2.1. Collapsible $2$ -DPDA

In Section 4 we also use deterministic collapsible pushdown automata of order $2$ ( $2$ -DCPDA for short). Such automata are defined like $2$ -DPDA, with the following differences. A $0$ -stack contains now three parts: a symbol from $\Gamma$ , a position, and a natural number, but still only the symbol (together with a state) is used to determine which transition is performed from a configuration. The $\mathsf{push}^{1}_{\gamma}$ operation sets the number in the topmost $0$ -stack to the current size of the $2$ -stack (while $\mathsf{push}^{2}_{\gamma}$ does not modify these numbers). We have a new stack operation $\mathsf{collapse}$ . Its result $\mathsf{collapse}(s)$ is obtained from $s$ by removing its topmost $1$ -stacks, so that only $k-1$ of them are left, where $k$ is the number stored in $\mathsf{top}^{0}(s)$ (intuitively, we remove all $1$ -stacks on which the topmost $0$ -stack is present).

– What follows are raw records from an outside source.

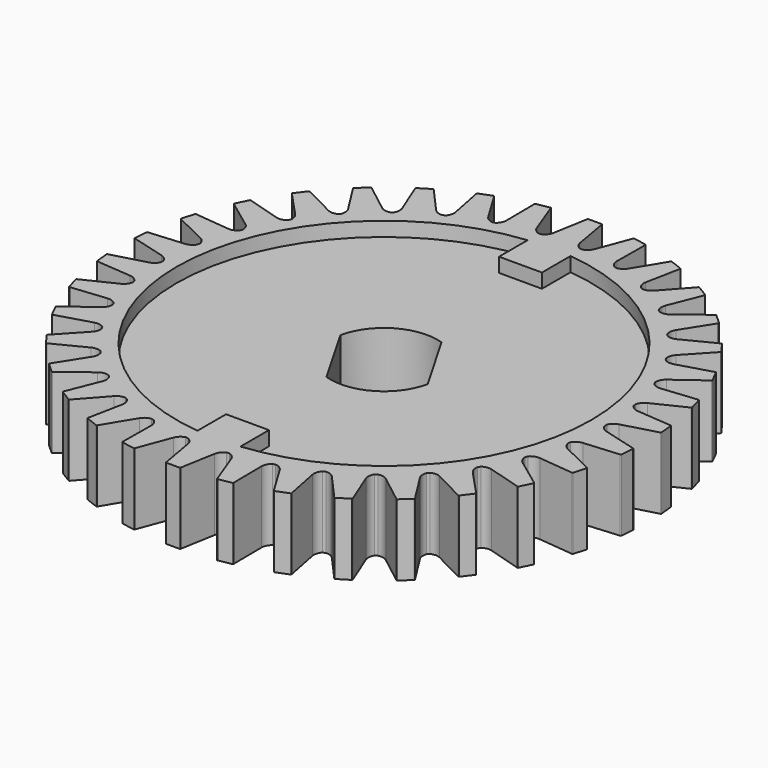
from build123d import *

# Parameters (mm, degrees)
F0_R            = 31
F1_DEPTH        = 10
F3_DEPTH        = 10
F3_COPIES_COUNT = 34
F5_DEPTH        = 2
F7_DEPTH        = 25


# Not quite as in the source:
# - a pattern or mirror of a feature is missing from the dataset's text; its kind, count and spacing are read off the source's solid


with BuildPart() as f1:
    # F0 (on Top) → F1 (new body)
    with BuildSketch(Plane.XY):
        Circle(F0_R)
    extrude(amount=F1_DEPTH)

    # F2 (on face) → F3 (join)
    with BuildSketch(Plane.XY.offset(10)):
        with BuildLine():
            Line((0.9160900369, 36.8852944707), (-0.9160900369, 36.8852944707))
            ThreePointArc((-0.9160900369, 36.8852944707), (-0.9803687979, 36.861898915), (-1.0145708122, 36.8026592885))
            Line((-1.0145708122, 36.8026592885), (-1.8682408883, 31.9612557056))
            ThreePointArc((-1.8682408883, 31.9612557056), (-2.1396172597, 31.3295613228), (-2.6643170715, 30.8852944707))
            ThreePointArc((-2.6643170715, 30.8852944707), (0, 31), (2.6643170715, 30.8852944707))
            ThreePointArc((2.6643170715, 30.8852944707), (2.1396172597, 31.3295613228), (1.8682408883, 31.9612557056))
            Line((1.8682408883, 31.9612557056), (1.0145708122, 36.8026592885))
            ThreePointArc((1.0145708122, 36.8026592885), (0.9803687979, 36.861898915), (0.9160900369, 36.8852944707))
        make_face()
    f3 = extrude(amount=-F3_DEPTH)

    # F3_copies: F3 ×34 about axis
    f3_copies_axis = Axis((0, 0, 0), (0, 0, 1))
    for i in range(1, F3_COPIES_COUNT):
        add(f3.rotate(f3_copies_axis, i * 360 / F3_COPIES_COUNT))

    # F4 (on face) → F5 (cut)
    with BuildSketch(Plane.XY.offset(10)):
        with BuildLine():
            Line((-3, 23.8544972411), (-3, 28.8444102037))
            ThreePointArc((-3, 28.8444102037), (-29, 0), (-3, -28.8444102037))
            Line((-3, -28.8444102037), (-3, -23.8544972411))
            Line((-3, -23.8544972411), (3, -23.8544972411))
            Line((3, -23.8544972411), (3, -28.8444102037))
            ThreePointArc((3, -28.8444102037), (21.5406592285, -19.4164878389), (29, 0))
            ThreePointArc((29, 0), (21.5406592285, 19.4164878389), (3, 28.8444102037))
            Line((3, 28.8444102037), (3, 23.8544972411))
            Line((3, 23.8544972411), (-3, 23.8544972411))
        make_face()
    extrude(amount=-F5_DEPTH, mode=Mode.SUBTRACT)

    # F6 (on face) → F7 (cut)
    with BuildSketch(Plane.XY.offset(8)):
        with BuildLine():
            Line((-7.3412291828, 1.535042047), (-2.3412291828, -7.1252119908))
            ThreePointArc((-2.3412291828, -7.1252119908), (3.75, -6.4951905284), (7.3412291828, -1.535042047))
            Line((7.3412291828, -1.535042047), (2.3412291828, 7.1252119908))
            ThreePointArc((2.3412291828, 7.1252119908), (-3.75, 6.4951905284), (-7.3412291828, 1.535042047))
        make_face()
    extrude(amount=-F7_DEPTH, mode=Mode.SUBTRACT)


solid = f1.part
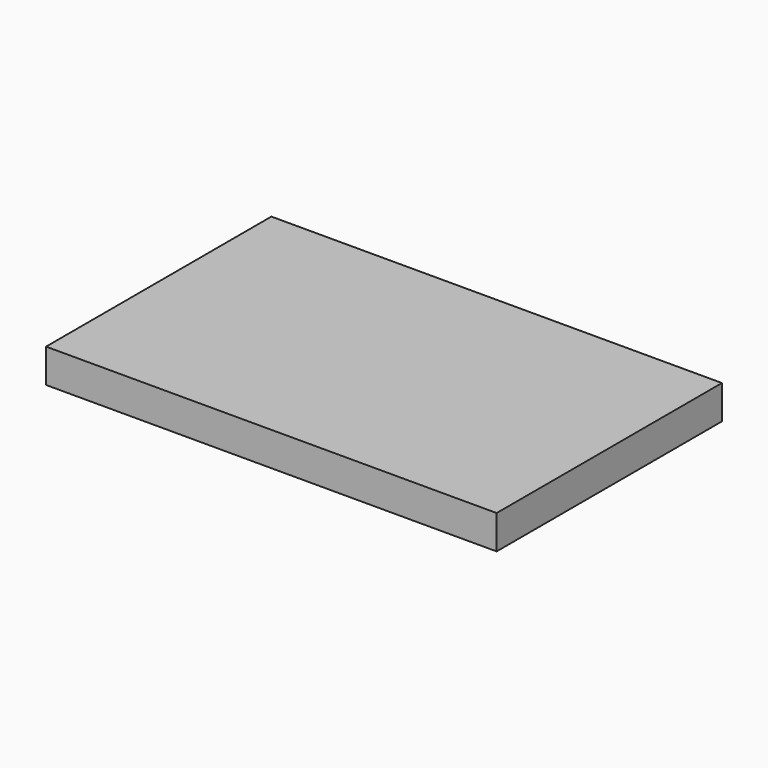
from build123d import *

# Parameters (mm, degrees)
F0_W     = 40
F0_H     = 25
F2_DEPTH = 1.5
F3_W     = 40
F3_H     = 25
F3_W_2   = 36
F3_H_2   = 21
F4_DEPTH = 1.5


# Not quite as in the source:
# - the program builds the solid bodies; features that only make, move or delete a surface that nothing else refers to are left out


with BuildPart() as f2:
    # F0 (on Top) → F2 (new body)
    with BuildSketch(Plane.XY):
        Rectangle(F0_W, F0_H)
    extrude(amount=F2_DEPTH)

    # F3 (on face) → F4 (join)
    with BuildSketch(Plane(origin=(0, 0, 0), x_dir=(1, 0, 0), z_dir=(0, 0, -1))):
        Rectangle(F3_W, F3_H)
        Rectangle(F3_W_2, F3_H_2, mode=Mode.SUBTRACT)
    extrude(amount=F4_DEPTH)


solid = f2.part

3. Relation between Word Languages and Trees

In this section we describe how word languages recognized by DPDA are related to trees generated by PDA. Before seeing how Theorem 2 implies Theorem 1, we need to define how $n$ -PDA are used to generate trees. We consider ranked, potentially infinite trees. Beside of the input alphabet $A$ we have a function $\mathit{rank}\colon A\to\mathbb{N}$ ; a tree node labelled by some $a\in A$ has always $\mathit{rank}(a)$ children.

Automata used to generate trees are defined like DPDA or DCPDA (in particular they are deterministic as well), with the difference that they do not have the set of accepting states, and that instead of the $\mathsf{read}(\vec{q})$ transitions, there are $\mathsf{branch}(a,q_{1},q_{2},\dots,q_{\mathit{rank}(a)})$ transitions, for $a\in A$ , and for pairwise distinct states $q_{1},q_{2},\dots,q_{\mathit{rank}(a)}\in Q$ . If the transition from $c$ is $\delta(c)=\mathsf{branch}(a,q_{1},q_{2},\dots,q_{\mathit{rank}(a)})$ , in a successor $d$ of $c$ we have $\pi_{2}(d)=\pi_{2}(c)$ and $\pi_{1}(d)=q_{i}$ for some $i\in[1,\mathit{rank}(a)]$ (in particular $c$ has no successors if $\mathit{rank}(a)=0$ ).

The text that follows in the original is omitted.